God knows. I thought that too. Only thing in the barrel is carbon and a white filter floss. It's been rinsed out too.


----------



## foxfish (27 Apr 2013)

I guess acid rain is a thing of the past!
I used to use rain water & still would if i could be bothered!


----------



## Martin cape (27 Apr 2013)

Looks like ill be stuck using good old tap water lol


----------



## AverageWhiteBloke (27 Apr 2013)

I live about 5 mile from Martin, I bought some deio water to make 4dkh water and TDS tests showed the water coming out my tap had less dissolved salts than the deio  Where we are from the water runs through a little granite and mainly sphagnum moss into the reservoirs. The waters very clean and soft to the point of the local water company adding stuff to it to harden it a bit. I can only assume the water in the barrel must be affected by whatever the roof make up is. Water out of the tap round these here parts won't even register on a standatd KG/GH test kit.


----------



## Martin cape (27 Apr 2013)

That's true Neil. 

Was mainly cost I wanted to use rain water. Thought water actually cost than it does. According to my bill I used 47000 litres of water in 5 months. 

I must be having long showers ha!


----------



## jon32 (28 Apr 2013)

I used to use rain water years ago, I guess it saved a few ££ on dechlorinator. I use tap water and prime these days for my little nano tank.


----------



## ghostsword (28 Apr 2013)

Fill the barrel with tap water, get a solar powered pond filter of sorts, aereate the water, you will save on aquasafe..  

Also, you can fill it with tank water, and then use that water in the garden, etc.. 

Lot's of uses for the 1000L tank..


----------



## DrRob (28 Apr 2013)

I've cut one up and used it as a sump. Small footprint under the tank and good volume. Tap on the bottom is useful for water changes.


----------



## dw1305 (28 Apr 2013)

Hi all,


> pH - 8.4
> dKH - 1.5
> dGH - 1.5





foxfish said:


> I wonder why your rain water has such a high PH?





AverageWhiteBloke said:


> Where we are from the water runs through a little granite and mainly sphagnum moss into the reservoirs. The waters very clean and soft to the point of the local water company adding stuff to it to harden it a bit


I think "AverageWhiteBloke" is right about the reason for your very soft, clean tap water, and that the water companies now all add NaOH to raise pH (but *not dKH*), and  PO4--- to immobilise any Pb++ and Cu+ ions from old pipes. 

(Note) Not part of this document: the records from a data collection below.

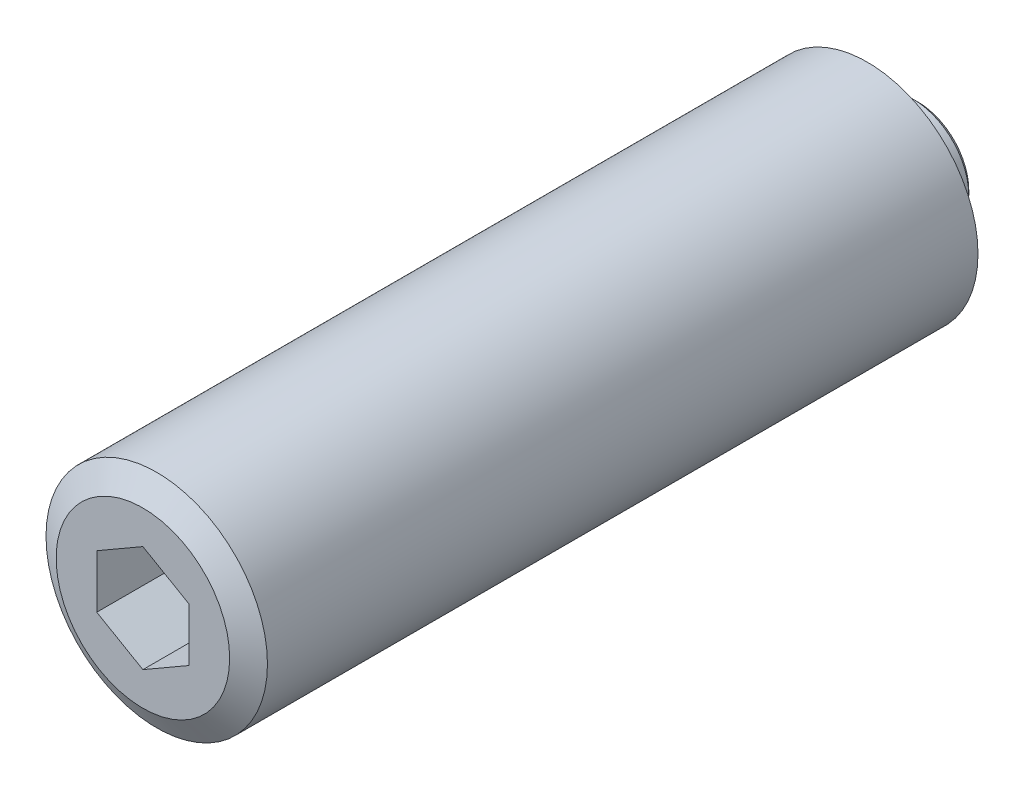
ISO-10303-21;
HEADER;
FILE_DESCRIPTION(('STEP AP214'),'2;1');
FILE_NAME('part.step','',(''),(''),'','','');
FILE_SCHEMA(('AUTOMOTIVE_DESIGN { 1 0 10303 214 1 1 1 1 }'));
ENDSEC;
DATA;
#1=APPLICATION_CONTEXT('core data for automotive mechanical design processes');
#2=APPLICATION_PROTOCOL_DEFINITION('international standard','automotive_design',2000,#1);
#3=PRODUCT_CONTEXT('',#1,'mechanical');
#4=PRODUCT('Part','Part','',(#3));
#5=PRODUCT_RELATED_PRODUCT_CATEGORY('part','',(#4));
#6=PRODUCT_DEFINITION_FORMATION('','',#4);
#7=PRODUCT_DEFINITION_CONTEXT('part definition',#1,'design');
#8=PRODUCT_DEFINITION('design','',#6,#7);
#9=PRODUCT_DEFINITION_SHAPE('','',#8);
#10=(LENGTH_UNIT() NAMED_UNIT(*) SI_UNIT(.MILLI.,.METRE.));
#11=(NAMED_UNIT(*) PLANE_ANGLE_UNIT() SI_UNIT($,.RADIAN.));
#12=(NAMED_UNIT(*) SI_UNIT($,.STERADIAN.) SOLID_ANGLE_UNIT());
#13=UNCERTAINTY_MEASURE_WITH_UNIT(LENGTH_MEASURE(1.E-05),#10,'distance_accuracy_value','');
#14=(GEOMETRIC_REPRESENTATION_CONTEXT(3) GLOBAL_UNCERTAINTY_ASSIGNED_CONTEXT((#13)) GLOBAL_UNIT_ASSIGNED_CONTEXT((#10,
#11,#12)) REPRESENTATION_CONTEXT('',''));
#15=CARTESIAN_POINT('',(0.,0.,0.));
#16=DIRECTION('',(0.,0.,1.));
#17=DIRECTION('',(1.,0.,0.));
#18=AXIS2_PLACEMENT_3D('',#15,#16,#17);
#19=CARTESIAN_POINT('',(0.,0.,0.));
#20=DIRECTION('',(0.,0.,1.));
#21=DIRECTION('',(1.,0.,0.));
#22=AXIS2_PLACEMENT_3D('',#19,#20,#21);
#23=PLANE('',#22);
#24=CARTESIAN_POINT('',(0.,0.,0.));
#25=DIRECTION('',(0.,0.,1.));
#26=DIRECTION('',(1.,0.,0.));
#27=AXIS2_PLACEMENT_3D('',#24,#25,#26);
#28=CIRCLE('',#27,5.5);
#29=CARTESIAN_POINT('',(5.5,0.,0.));
#30=VERTEX_POINT('',#29);
#31=EDGE_CURVE('E9',#30,#30,#28,.T.);
#32=ORIENTED_EDGE('',*,*,#31,.F.);
#33=EDGE_LOOP('',(#32));
#34=FACE_BOUND('',#33,.T.);
#35=ADVANCED_FACE('F14',(#34),#23,.F.);
#36=CARTESIAN_POINT('',(0.,0.,0.));
#37=DIRECTION('',(0.,0.,1.));
#38=DIRECTION('',(1.,0.,0.));
#39=AXIS2_PLACEMENT_3D('',#36,#37,#38);
#40=CONICAL_SURFACE('',#39,5.5,0.785398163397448);
#41=CARTESIAN_POINT('',(0.,0.,0.5));
#42=DIRECTION('',(0.,0.,1.));
#43=DIRECTION('',(1.,0.,0.));
#44=AXIS2_PLACEMENT_3D('',#41,#42,#43);
#45=CIRCLE('',#44,6.);
#46=CARTESIAN_POINT('',(6.,0.,0.5));
#47=VERTEX_POINT('',#46);
#48=EDGE_CURVE('E21',#47,#47,#45,.T.);
#49=ORIENTED_EDGE('',*,*,#48,.F.);
#50=EDGE_LOOP('',(#49));
#51=FACE_BOUND('',#50,.T.);
#52=ORIENTED_EDGE('',*,*,#31,.T.);
#53=EDGE_LOOP('',(#52));
#54=FACE_BOUND('',#53,.T.);
#55=ADVANCED_FACE('F145',(#51,#54),#40,.T.);
#56=CARTESIAN_POINT('',(0.,0.,88.));
#57=DIRECTION('',(0.,0.,1.));
#58=DIRECTION('',(1.,0.,0.));
#59=AXIS2_PLACEMENT_3D('',#56,#57,#58);
#60=CYLINDRICAL_SURFACE('',#59,6.);
#61=CARTESIAN_POINT('',(0.,0.,2.5999999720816));
#62=DIRECTION('',(0.,0.,1.));
#63=DIRECTION('',(1.,0.,0.));
#64=AXIS2_PLACEMENT_3D('',#61,#62,#63);
#65=CIRCLE('',#64,6.);
#66=CARTESIAN_POINT('',(6.,0.,2.5999999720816));
#67=VERTEX_POINT('',#66);
#68=EDGE_CURVE('E138',#67,#67,#65,.T.);
#69=ORIENTED_EDGE('',*,*,#68,.F.);
#70=EDGE_LOOP('',(#69));
#71=FACE_BOUND('',#70,.T.);
#72=ORIENTED_EDGE('',*,*,#48,.T.);
#73=EDGE_LOOP('',(#72));
#74=FACE_BOUND('',#73,.T.);
#75=ADVANCED_FACE('F143',(#71,#74),#60,.T.);
#76=CARTESIAN_POINT('',(0.,6.21369453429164,2.5999999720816));
#77=DIRECTION('',(0.,0.,1.));
#78=DIRECTION('',(1.,0.,0.));
#79=AXIS2_PLACEMENT_3D('',#76,#77,#78);
#80=PLANE('',#79);
#81=CARTESIAN_POINT('',(0.,0.,2.5999999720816));
#82=DIRECTION('',(0.,0.,1.));
#83=DIRECTION('',(1.,0.,0.));
#84=AXIS2_PLACEMENT_3D('',#81,#82,#83);
#85=CIRCLE('',#84,6.21369453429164);
#86=CARTESIAN_POINT('',(0.,6.21369453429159,2.5999999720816));
#87=VERTEX_POINT('',#86);
#88=EDGE_CURVE('E135',#87,#87,#85,.T.);
#89=ORIENTED_EDGE('',*,*,#88,.F.);
#90=EDGE_LOOP('',(#89));
#91=FACE_BOUND('',#90,.T.);
#92=ORIENTED_EDGE('',*,*,#68,.T.);
#93=EDGE_LOOP('',(#92));
#94=FACE_BOUND('',#93,.T.);
#95=ADVANCED_FACE('F170',(#91,#94),#80,.F.);
#96=CARTESIAN_POINT('',(0.,-1.53354676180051E-07,6.79999986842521));
#97=DIRECTION('',(0.,0.,1.));
#98=DIRECTION('',(0.,1.,0.));
#99=AXIS2_PLACEMENT_3D('',#96,#97,#98);
#100=SPHERICAL_SURFACE('',#99,7.50000005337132);
#101=CARTESIAN_POINT('',(0.,0.,3.99999985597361));
#102=DIRECTION('',(0.,0.,1.));
#103=DIRECTION('',(1.,0.,0.));
#104=AXIS2_PLACEMENT_3D('',#101,#102,#103);
#105=CIRCLE('',#104,6.95772941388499);
#106=CARTESIAN_POINT('',(0.,6.95772941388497,3.99999985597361));
#107=VERTEX_POINT('',#106);
#108=EDGE_CURVE('E132',#107,#107,#105,.T.);
#109=CARTESIAN_POINT('',(0.,6.95772941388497,3.99999985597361));
#110=CARTESIAN_POINT('',(0.,6.9515523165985,3.98465036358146));
#111=CARTESIAN_POINT('',(0.,6.9453244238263,3.96932131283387));
#112=CARTESIAN_POINT('',(0.,6.93276732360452,3.93870476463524));
#113=CARTESIAN_POINT('',(0.,6.92643811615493,3.92341726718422));
#114=CARTESIAN_POINT('',(0.,6.91367866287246,3.8928844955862));
#115=CARTESIAN_POINT('',(0.,6.90724841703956,3.87763922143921));
#116=CARTESIAN_POINT('',(0.,6.89428716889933,3.84719156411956));
#117=CARTESIAN_POINT('',(0.,6.88775616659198,3.8319891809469));
#118=CARTESIAN_POINT('',(0.,6.87459369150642,3.80162797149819));
#119=CARTESIAN_POINT('',(0.,6.86796221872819,3.78646914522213));
#120=CARTESIAN_POINT('',(0.,6.85459909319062,3.75619571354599));
#121=CARTESIAN_POINT('',(0.,6.84786744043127,3.74108110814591));
#122=CARTESIAN_POINT('',(0.,6.83430424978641,3.71089678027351));
#123=CARTESIAN_POINT('',(0.,6.82747271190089,3.6958270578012));
#124=CARTESIAN_POINT('',(0.,6.81371005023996,3.66573315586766));
#125=CARTESIAN_POINT('',(0.,6.80677892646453,3.65070897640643));
#126=CARTESIAN_POINT('',(0.,6.79281739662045,3.62070681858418));
#127=CARTESIAN_POINT('',(0.,6.78578699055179,3.60572884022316));
#128=CARTESIAN_POINT('',(0.,6.77162720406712,3.57581974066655));
#129=CARTESIAN_POINT('',(0.,6.7644978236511,3.56088861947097));
#130=CARTESIAN_POINT('',(0.,6.75014040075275,3.53107388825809));
#131=CARTESIAN_POINT('',(0.,6.7429123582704,3.51619027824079));
#132=CARTESIAN_POINT('',(0.,6.72835792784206,3.48647122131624));
#133=CARTESIAN_POINT('',(0.,6.72103153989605,3.47163577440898));
#134=CARTESIAN_POINT('',(0.,6.70628073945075,3.44201369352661));
#135=CARTESIAN_POINT('',(0.,6.69885632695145,3.42722705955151));
#136=CARTESIAN_POINT('',(0.,6.68390980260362,3.39770325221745));
#137=CARTESIAN_POINT('',(0.,6.67638769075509,3.38296607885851));
#138=CARTESIAN_POINT('',(0.,6.66124609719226,3.35354183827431));
#139=CARTESIAN_POINT('',(0.,6.65362661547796,3.33885477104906));
#140=CARTESIAN_POINT('',(0.,6.63829061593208,3.30953138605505));
#141=CARTESIAN_POINT('',(0.,6.63057409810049,3.29489506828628));
#142=CARTESIAN_POINT('',(0.,6.61504436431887,3.2656738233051));
#143=CARTESIAN_POINT('',(0.,6.60723114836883,3.25108889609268));
#144=CARTESIAN_POINT('',(0.,6.59150836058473,3.22197107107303));
#145=CARTESIAN_POINT('',(0.,6.58359878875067,3.20743817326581));
#146=CARTESIAN_POINT('',(0.,6.5676836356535,3.17842504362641));
#147=CARTESIAN_POINT('',(0.,6.55967805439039,3.16394481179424));
#148=CARTESIAN_POINT('',(0.,6.54357123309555,3.13503764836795));
#149=CARTESIAN_POINT('',(0.,6.53546999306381,3.12061071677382));
#150=CARTESIAN_POINT('',(0.,6.51917220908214,3.09181078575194));
#151=CARTESIAN_POINT('',(0.,6.5109756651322,3.07743778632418));
#152=CARTESIAN_POINT('',(0.,6.49448763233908,3.04874634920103));
#153=CARTESIAN_POINT('',(0.,6.4861961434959,3.03442791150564));
#154=CARTESIAN_POINT('',(0.,6.4695185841,3.0058462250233));
#155=CARTESIAN_POINT('',(0.,6.46113251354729,2.99158297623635));
#156=CARTESIAN_POINT('',(0.,6.44426615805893,2.96311229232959));
#157=CARTESIAN_POINT('',(0.,6.43578587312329,2.94890485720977));
#158=CARTESIAN_POINT('',(0.,6.41873146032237,2.92054642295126));
#159=CARTESIAN_POINT('',(0.,6.41015733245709,2.90639542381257));
#160=CARTESIAN_POINT('',(0.,6.39291560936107,2.87815048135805));
#161=CARTESIAN_POINT('',(0.,6.38424801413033,2.86405653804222));
#162=CARTESIAN_POINT('',(0.,6.36681973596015,2.83592632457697));
#163=CARTESIAN_POINT('',(0.,6.35805905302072,2.82189005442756));
#164=CARTESIAN_POINT('',(0.,6.34044498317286,2.79387580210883));
#165=CARTESIAN_POINT('',(0.,6.33159159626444,2.77989781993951));
#166=CARTESIAN_POINT('',(0.,6.31379250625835,2.75200075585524));
#167=CARTESIAN_POINT('',(0.,6.30484680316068,2.73808167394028));
#168=CARTESIAN_POINT('',(0.,6.28686347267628,2.71030302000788));
#169=CARTESIAN_POINT('',(0.,6.27782584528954,2.69644344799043));
#170=CARTESIAN_POINT('',(0.,6.25965906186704,2.6687844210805));
#171=CARTESIAN_POINT('',(0.,6.25052990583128,2.65498496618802));
#172=CARTESIAN_POINT('',(0.,6.23218046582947,2.62744677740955));
#173=CARTESIAN_POINT('',(0.,6.22296018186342,2.61370804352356));
#174=CARTESIAN_POINT('',(0.,6.21369453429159,2.5999999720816));
#175=B_SPLINE_CURVE_WITH_KNOTS('',3,(#109,#110,#111,#112,#113,#114,#115,#116,#117,#118,#119,
#120,#121,#122,#123,#124,#125,#126,#127,#128,#129,#130,#131,#132,#133,#134,#135,#136,#137,#138,
#139,#140,#141,#142,#143,#144,#145,#146,#147,#148,#149,#150,#151,#152,#153,#154,#155,#156,#157,
#158,#159,#160,#161,#162,#163,#164,#165,#166,#167,#168,#169,#170,#171,#172,#173,#174),
.UNSPECIFIED.,.F.,.F.,(4,2,2,2,2,2,2,2,2,2,2,2,2,2,2,2,2,2,2,2,2,2,2,2,2,2,2,2,2,2,2,2,4),(0.,
0.0496373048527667,0.0992746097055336,0.1489119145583,0.198549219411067,0.248186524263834,
0.297823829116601,0.347461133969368,0.397098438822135,0.446735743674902,0.496373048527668,
0.546010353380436,0.595647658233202,0.64528496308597,0.694922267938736,0.744559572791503,
0.79419687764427,0.843834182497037,0.893471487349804,0.94310879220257,0.992746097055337,
1.0423834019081,1.09202070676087,1.14165801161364,1.1912953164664,1.24093262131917,
1.29056992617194,1.34020723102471,1.38984453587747,1.43948184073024,1.48911914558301,
1.53875645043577,1.58839375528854),.UNSPECIFIED.);
#176=EDGE_CURVE('BSEAM179',#107,#87,#175,.T.);
#177=ORIENTED_EDGE('',*,*,#108,.F.);
#178=ORIENTED_EDGE('',*,*,#88,.T.);
#179=ORIENTED_EDGE('',*,*,#176,.T.);
#180=ORIENTED_EDGE('',*,*,#176,.F.);
#181=EDGE_LOOP('',(#177,#179,#178,#180));
#182=FACE_BOUND('',#181,.T.);
#183=ADVANCED_FACE('F179',(#182),#100,.T.);
#184=CARTESIAN_POINT('',(0.,9.401924,3.99999992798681));
#185=DIRECTION('',(0.,0.,1.));
#186=DIRECTION('',(1.,0.,0.));
#187=AXIS2_PLACEMENT_3D('',#184,#185,#186);
#188=PLANE('',#187);
#189=CARTESIAN_POINT('',(0.,0.,4.));
#190=DIRECTION('',(0.,0.,1.));
#191=DIRECTION('',(1.,0.,0.));
#192=AXIS2_PLACEMENT_3D('',#189,#190,#191);
#193=CIRCLE('',#192,9.401924);
#194=CARTESIAN_POINT('',(9.401924,0.,4.));
#195=VERTEX_POINT('',#194);
#196=EDGE_CURVE('E129',#195,#195,#193,.T.);
#197=ORIENTED_EDGE('',*,*,#196,.F.);
#198=EDGE_LOOP('',(#197));
#199=FACE_BOUND('',#198,.T.);
#200=ORIENTED_EDGE('',*,*,#108,.T.);
#201=EDGE_LOOP('',(#200));
#202=FACE_BOUND('',#201,.T.);
#203=ADVANCED_FACE('F188',(#199,#202),#188,.F.);
#204=CARTESIAN_POINT('',(0.,0.,4.));
#205=DIRECTION('',(0.,0.,1.));
#206=DIRECTION('',(1.,0.,0.));
#207=AXIS2_PLACEMENT_3D('',#204,#205,#206);
#208=CONICAL_SURFACE('',#207,9.401924,1.04719751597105);
#209=CARTESIAN_POINT('',(0.,0.,5.5));
#210=DIRECTION('',(0.,0.,1.));
#211=DIRECTION('',(1.,0.,0.));
#212=AXIS2_PLACEMENT_3D('',#209,#210,#211);
#213=CIRCLE('',#212,12.);
#214=CARTESIAN_POINT('',(12.,0.,5.5));
#215=VERTEX_POINT('',#214);
#216=EDGE_CURVE('E126',#215,#215,#213,.T.);
#217=ORIENTED_EDGE('',*,*,#216,.F.);
#218=EDGE_LOOP('',(#217));
#219=FACE_BOUND('',#218,.T.);
#220=ORIENTED_EDGE('',*,*,#196,.T.);
#221=EDGE_LOOP('',(#220));
#222=FACE_BOUND('',#221,.T.);
#223=ADVANCED_FACE('F197',(#219,#222),#208,.T.);
#224=CARTESIAN_POINT('',(0.,0.,88.));
#225=DIRECTION('',(0.,0.,1.));
#226=DIRECTION('',(1.,0.,0.));
#227=AXIS2_PLACEMENT_3D('',#224,#225,#226);
#228=CYLINDRICAL_SURFACE('',#227,12.);
#229=CARTESIAN_POINT('',(0.,0.,82.5));
#230=DIRECTION('',(0.,0.,1.));
#231=DIRECTION('',(1.,0.,0.));
#232=AXIS2_PLACEMENT_3D('',#229,#230,#231);
#233=CIRCLE('',#232,12.);
#234=CARTESIAN_POINT('',(12.,0.,82.5));
#235=VERTEX_POINT('',#234);
#236=EDGE_CURVE('E123',#235,#235,#233,.T.);
#237=ORIENTED_EDGE('',*,*,#236,.F.);
#238=EDGE_LOOP('',(#237));
#239=FACE_BOUND('',#238,.T.);
#240=ORIENTED_EDGE('',*,*,#216,.T.);
#241=EDGE_LOOP('',(#240));
#242=FACE_BOUND('',#241,.T.);
#243=ADVANCED_FACE('F206',(#239,#242),#228,.T.);
#244=CARTESIAN_POINT('',(0.,0.,82.5));
#245=DIRECTION('',(0.,0.,-1.));
#246=DIRECTION('',(-1.,0.,0.));
#247=AXIS2_PLACEMENT_3D('',#244,#245,#246);
#248=CONICAL_SURFACE('',#247,12.,1.04719751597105);
#249=CARTESIAN_POINT('',(0.,0.,84.));
#250=DIRECTION('',(0.,0.,1.));
#251=DIRECTION('',(1.,0.,0.));
#252=AXIS2_PLACEMENT_3D('',#249,#250,#251);
#253=CIRCLE('',#252,9.401924);
#254=CARTESIAN_POINT('',(9.401924,0.,84.));
#255=VERTEX_POINT('',#254);
#256=EDGE_CURVE('E115',#255,#255,#253,.T.);
#257=ORIENTED_EDGE('',*,*,#256,.F.);
#258=EDGE_LOOP('',(#257));
#259=FACE_BOUND('',#258,.T.);
#260=ORIENTED_EDGE('',*,*,#236,.T.);
#261=EDGE_LOOP('',(#260));
#262=FACE_BOUND('',#261,.T.);
#263=ADVANCED_FACE('F215',(#259,#262),#248,.T.);
#264=CARTESIAN_POINT('',(0.,9.401924,84.));
#265=DIRECTION('',(0.,0.,-1.));
#266=DIRECTION('',(-1.,0.,0.));
#267=AXIS2_PLACEMENT_3D('',#264,#265,#266);
#268=PLANE('',#267);
#269=DIRECTION('',(-0.866025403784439,-0.5,0.));
#270=VECTOR('',#269,1.);
#271=CARTESIAN_POINT('',(0.,5.77350269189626,84.));
#272=LINE('',#271,#270);
#273=CARTESIAN_POINT('',(0.,5.77350269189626,84.));
#274=VERTEX_POINT('',#273);
#275=CARTESIAN_POINT('',(-5.,2.88675134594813,84.));
#276=VERTEX_POINT('',#275);
#277=EDGE_CURVE('E102',#274,#276,#272,.T.);
#278=ORIENTED_EDGE('',*,*,#277,.F.);
#279=DIRECTION('',(-0.866025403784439,0.5,0.));
#280=VECTOR('',#279,1.);
#281=CARTESIAN_POINT('',(5.,2.88675134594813,84.));
#282=LINE('',#281,#280);
#283=CARTESIAN_POINT('',(5.,2.88675134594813,84.));
#284=VERTEX_POINT('',#283);
#285=EDGE_CURVE('E28',#284,#274,#282,.T.);
#286=ORIENTED_EDGE('',*,*,#285,.F.);
#287=DIRECTION('',(0.,1.,0.));
#288=VECTOR('',#287,1.);
#289=CARTESIAN_POINT('',(5.,-2.88675134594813,84.));
#290=LINE('',#289,#288);
#291=CARTESIAN_POINT('',(5.,-2.88675134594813,84.));
#292=VERTEX_POINT('',#291);
#293=EDGE_CURVE('E111',#292,#284,#290,.T.);
#294=ORIENTED_EDGE('',*,*,#293,.F.);
#295=DIRECTION('',(0.866025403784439,0.5,0.));
#296=VECTOR('',#295,1.);
#297=CARTESIAN_POINT('',(0.,-5.77350269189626,84.));
#298=LINE('',#297,#296);
#299=CARTESIAN_POINT('',(0.,-5.77350269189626,84.));
#300=VERTEX_POINT('',#299);
#301=EDGE_CURVE('E109',#300,#292,#298,.T.);
#302=ORIENTED_EDGE('',*,*,#301,.F.);
#303=DIRECTION('',(0.866025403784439,-0.5,0.));
#304=VECTOR('',#303,1.);
#305=CARTESIAN_POINT('',(-5.,-2.88675134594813,84.));
#306=LINE('',#305,#304);
#307=CARTESIAN_POINT('',(-5.,-2.88675134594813,84.));
#308=VERTEX_POINT('',#307);
#309=EDGE_CURVE('E76',#308,#300,#306,.T.);
#310=ORIENTED_EDGE('',*,*,#309,.F.);
#311=DIRECTION('',(0.,-1.,0.));
#312=VECTOR('',#311,1.);
#313=CARTESIAN_POINT('',(-5.,2.88675134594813,84.));
#314=LINE('',#313,#312);
#315=EDGE_CURVE('E105',#276,#308,#314,.T.);
#316=ORIENTED_EDGE('',*,*,#315,.F.);
#317=EDGE_LOOP('',(#278,#286,#294,#302,#310,#316));
#318=FACE_BOUND('',#317,.T.);
#319=ORIENTED_EDGE('',*,*,#256,.T.);
#320=EDGE_LOOP('',(#319));
#321=FACE_BOUND('',#320,.T.);
#322=ADVANCED_FACE('F224',(#318,#321),#268,.F.);
#323=CARTESIAN_POINT('',(5.,2.88675134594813,76.));
#324=DIRECTION('',(0.5,0.866025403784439,0.));
#325=DIRECTION('',(-0.866025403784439,0.5,0.));
#326=AXIS2_PLACEMENT_3D('',#323,#324,#325);
#327=PLANE('',#326);
#328=ORIENTED_EDGE('',*,*,#285,.T.);
#329=DIRECTION('',(0.,0.,1.));
#330=VECTOR('',#329,1.);
#331=CARTESIAN_POINT('',(0.,5.77350269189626,76.));
#332=LINE('',#331,#330);
#333=CARTESIAN_POINT('',(0.,5.77350269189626,76.));
#334=VERTEX_POINT('',#333);
#335=EDGE_CURVE('E58',#334,#274,#332,.T.);
#336=ORIENTED_EDGE('',*,*,#335,.F.);
#337=DIRECTION('',(-0.866025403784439,0.5,0.));
#338=VECTOR('',#337,1.);
#339=CARTESIAN_POINT('',(5.,2.88675134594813,76.));
#340=LINE('',#339,#338);
#341=CARTESIAN_POINT('',(5.,2.88675134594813,76.));
#342=VERTEX_POINT('',#341);
#343=EDGE_CURVE('E113',#342,#334,#340,.T.);
#344=ORIENTED_EDGE('',*,*,#343,.F.);
#345=DIRECTION('',(0.,0.,1.));
#346=VECTOR('',#345,1.);
#347=CARTESIAN_POINT('',(5.,2.88675134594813,76.));
#348=LINE('',#347,#346);
#349=EDGE_CURVE('E36',#342,#284,#348,.T.);
#350=ORIENTED_EDGE('',*,*,#349,.T.);
#351=EDGE_LOOP('',(#328,#336,#344,#350));
#352=FACE_BOUND('',#351,.T.);
#353=ADVANCED_FACE('F233',(#352),#327,.F.);
#354=CARTESIAN_POINT('',(5.,-2.88675134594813,76.));
#355=DIRECTION('',(1.,0.,0.));
#356=DIRECTION('',(0.,0.,-1.));
#357=AXIS2_PLACEMENT_3D('',#354,#355,#356);
#358=PLANE('',#357);
#359=ORIENTED_EDGE('',*,*,#293,.T.);
#360=ORIENTED_EDGE('',*,*,#349,.F.);
#361=DIRECTION('',(0.,1.,0.));
#362=VECTOR('',#361,1.);
#363=CARTESIAN_POINT('',(5.,-2.88675134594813,76.));
#364=LINE('',#363,#362);
#365=CARTESIAN_POINT('',(5.,-2.88675134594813,76.));
#366=VERTEX_POINT('',#365);
#367=EDGE_CURVE('E88',#366,#342,#364,.T.);
#368=ORIENTED_EDGE('',*,*,#367,.F.);
#369=DIRECTION('',(0.,0.,1.));
#370=VECTOR('',#369,1.);
#371=CARTESIAN_POINT('',(5.,-2.88675134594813,76.));
#372=LINE('',#371,#370);
#373=EDGE_CURVE('E80',#366,#292,#372,.T.);
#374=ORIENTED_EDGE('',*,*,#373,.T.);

The metal ions are present because H2O is a very efficient solvent (once it has picked up some CO2) and picks up any soluble salts (or gases), so it could be the roof, or it  maybe a very small amount of soluble residue from cleaning etc in the water butt.

Because the dKH  is so low pH is a movable feast and not really telling you anything important. pH is just a measure of the ratio of H+ ion acceptors (bases) and donors (acids) and as you approach pure H2O any small addition of acids or bases will cause a large change in pH. This is exactly the opposite of what you get in hard water with a very high dKH (sea water, Lake Tanganyika), in this case you need to add a huge volume of acids to overwhelm the carbonate buffering and lower the pH.

Conductivity would be a useful measure, and I'd expect it to be below 100 microS (just to show how pure this is full strength sea water is 53,000 microS) and our very clean, but hard tap water from a deep limestone aquifer is about 800microS and 18dKH.

I'd always rather use rain-water than tap, even if we had soft tap water, partially because you can never be sure quite what has been added to your tap water (emergency chloramine dosing etc).

cheers Darrel


----------



## Martin cape (28 Apr 2013)

Funny you should mention conductivity. I analyse that at work. Deionised water has a conduct of 0.5 microSiemens. Never tested the tap water in the lab though. 

Only thing that concerns me with the rain water, is the ammonia in there. Thought that was really strange. Don't fancy adding it to the tank. 

Least I have water for the garden I suppose lol. Save a bit on my water bill


----------



## dw1305 (29 Apr 2013)

Hi all


Martin cape said:


> Deionised water has a conduct of 0.5 microSiemens


That is a high quality DI, possibly because of the quality of the water coming in. Can you test your tap and rain-water?


Martin cape said:


> Only thing that concerns me with the rain water, is the ammonia in there. Thought that was really strange. Don't fancy adding it to the tank.


I would suspect the test kit, ammonia is difficult to measure even with ion selective electrodes.

cheers Darrel


----------



## Martin cape (29 Apr 2013)

We use it at work. It has to be ultra pure water, it gets purified at work too. I'll see if I can check the tap water at work when I'm next in.


----------